> _PROBLEM DETAILS_: The line containing "#14287 = VERTEX_POINT ( 'NONE', #9803 ) ;" and every line after it through the end of the records: return those exactly, and nothing more.

Segment Start: EXCERPTED DATA

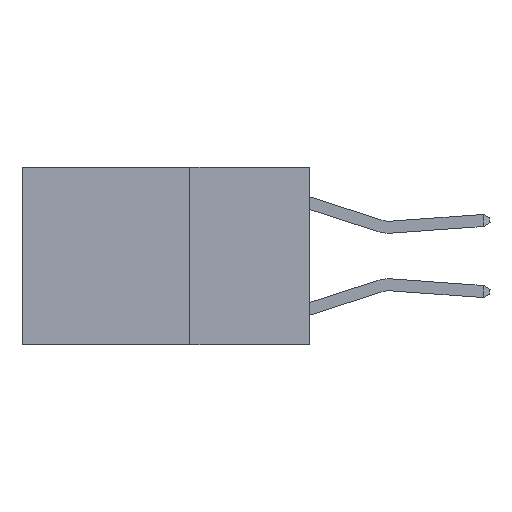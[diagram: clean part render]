
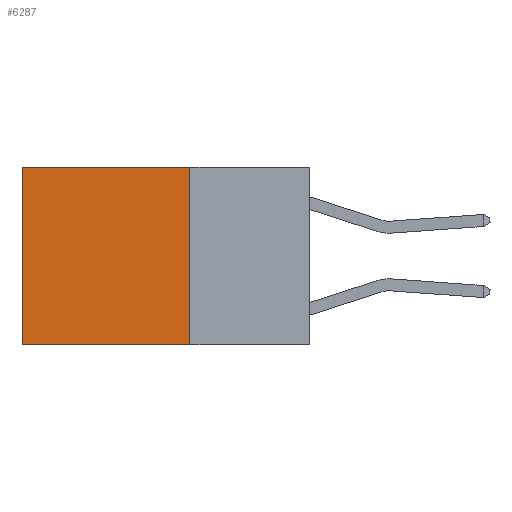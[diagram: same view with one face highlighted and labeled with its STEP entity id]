
A CAD part, left-side view. The second image highlights one B-rep face of the part: STEP entity #6287.
In plain terms, the highlighted planar face has unit normal (-1, 0, 0).
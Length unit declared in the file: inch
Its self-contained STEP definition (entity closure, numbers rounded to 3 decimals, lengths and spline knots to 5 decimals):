
#97 = DIRECTION ( 'NONE',  ( 0., 0., -1. ) ) ;
#882 = DIRECTION ( 'NONE',  ( 0., 1., 0. ) ) ;
#1109 = CARTESIAN_POINT ( 'NONE',  ( 0.2625, 0.6, -0.37 ) ) ;
#1561 = EDGE_CURVE ( 'NONE', #4146, #12653, #13187, .T. ) ;
#2328 = DIRECTION ( 'NONE',  ( 1., 0., 0. ) ) ;
#2430 = LINE ( 'NONE', #6791, #6801 ) ;
#2600 = PLANE ( 'NONE',  #8633 ) ;
#2699 = ORIENTED_EDGE ( 'NONE', *, *, #8785, .F. ) ;
#3036 = VERTEX_POINT ( 'NONE', #1109 ) ;
#3512 = CARTESIAN_POINT ( 'NONE',  ( 0.2625, 0.6, 0. ) ) ;
#3788 = ORIENTED_EDGE ( 'NONE', *, *, #12508, .F. ) ;
#4146 = VERTEX_POINT ( 'NONE', #10382 ) ;
#5372 = VECTOR ( 'NONE', #7939, 39.37008 ) ;
#5709 = DIRECTION ( 'NONE',  ( 0., 1., 0. ) ) ;
#5808 = CARTESIAN_POINT ( 'NONE',  ( 0.2625, 0.6, 0. ) ) ;
#5846 = CARTESIAN_POINT ( 'NONE',  ( 0.2625, 0.25, 0. ) ) ;
#6287 = ADVANCED_FACE ( 'NONE', ( #11452 ), #2600, .F. ) ;
#6791 = CARTESIAN_POINT ( 'NONE',  ( 0.2625, 0.25, 0. ) ) ;
#6801 = VECTOR ( 'NONE', #97, 39.37008 ) ;
#7939 = DIRECTION ( 'NONE',  ( 0., 0., -1. ) ) ;
#8633 = AXIS2_PLACEMENT_3D ( 'NONE', #5846, #2328, #12488 ) ;
#8728 = EDGE_CURVE ( 'NONE', #12653, #3036, #12238, .T. ) ;
#8785 = EDGE_CURVE ( 'NONE', #4146, #14287, #2430, .T. ) ;
#8981 = VECTOR ( 'NONE', #882, 39.37008 ) ;
#9803 = CARTESIAN_POINT ( 'NONE',  ( 0.2625, 0.25, -0.37 ) ) ;
#10382 = CARTESIAN_POINT ( 'NONE',  ( 0.2625, 0.25, 0. ) ) ;
#10449 = ORIENTED_EDGE ( 'NONE', *, *, #1561, .T. ) ;
#10899 = LINE ( 'NONE', #10972, #8981 ) ;
#10972 = CARTESIAN_POINT ( 'NONE',  ( 0.2625, 0.25, -0.37 ) ) ;
#11320 = CARTESIAN_POINT ( 'NONE',  ( 0.2625, 0.25, 0. ) ) ;
#11452 = FACE_OUTER_BOUND ( 'NONE', #12674, .T. ) ;
#12238 = LINE ( 'NONE', #5808, #5372 ) ;
#12488 = DIRECTION ( 'NONE',  ( 0., 0., -1. ) ) ;
#12508 = EDGE_CURVE ( 'NONE', #14287, #3036, #10899, .T. ) ;
#12653 = VERTEX_POINT ( 'NONE', #3512 ) ;
#12674 = EDGE_LOOP ( 'NONE', ( #14363, #3788, #2699, #10449 ) ) ;
#13187 = LINE ( 'NONE', #11320, #13306 ) ;
#13306 = VECTOR ( 'NONE', #5709, 39.37008 ) ;
#14287 = VERTEX_POINT ( 'NONE', #9803 ) ;
#14363 = ORIENTED_EDGE ( 'NONE', *, *, #8728, .T. ) ;

Segment End: EXCERPTED DATA

> _ANSWER AREA_:
#14287 = VERTEX_POINT ( 'NONE', #9803 ) ;
#14363 = ORIENTED_EDGE ( 'NONE', *, *, #8728, .T. ) ;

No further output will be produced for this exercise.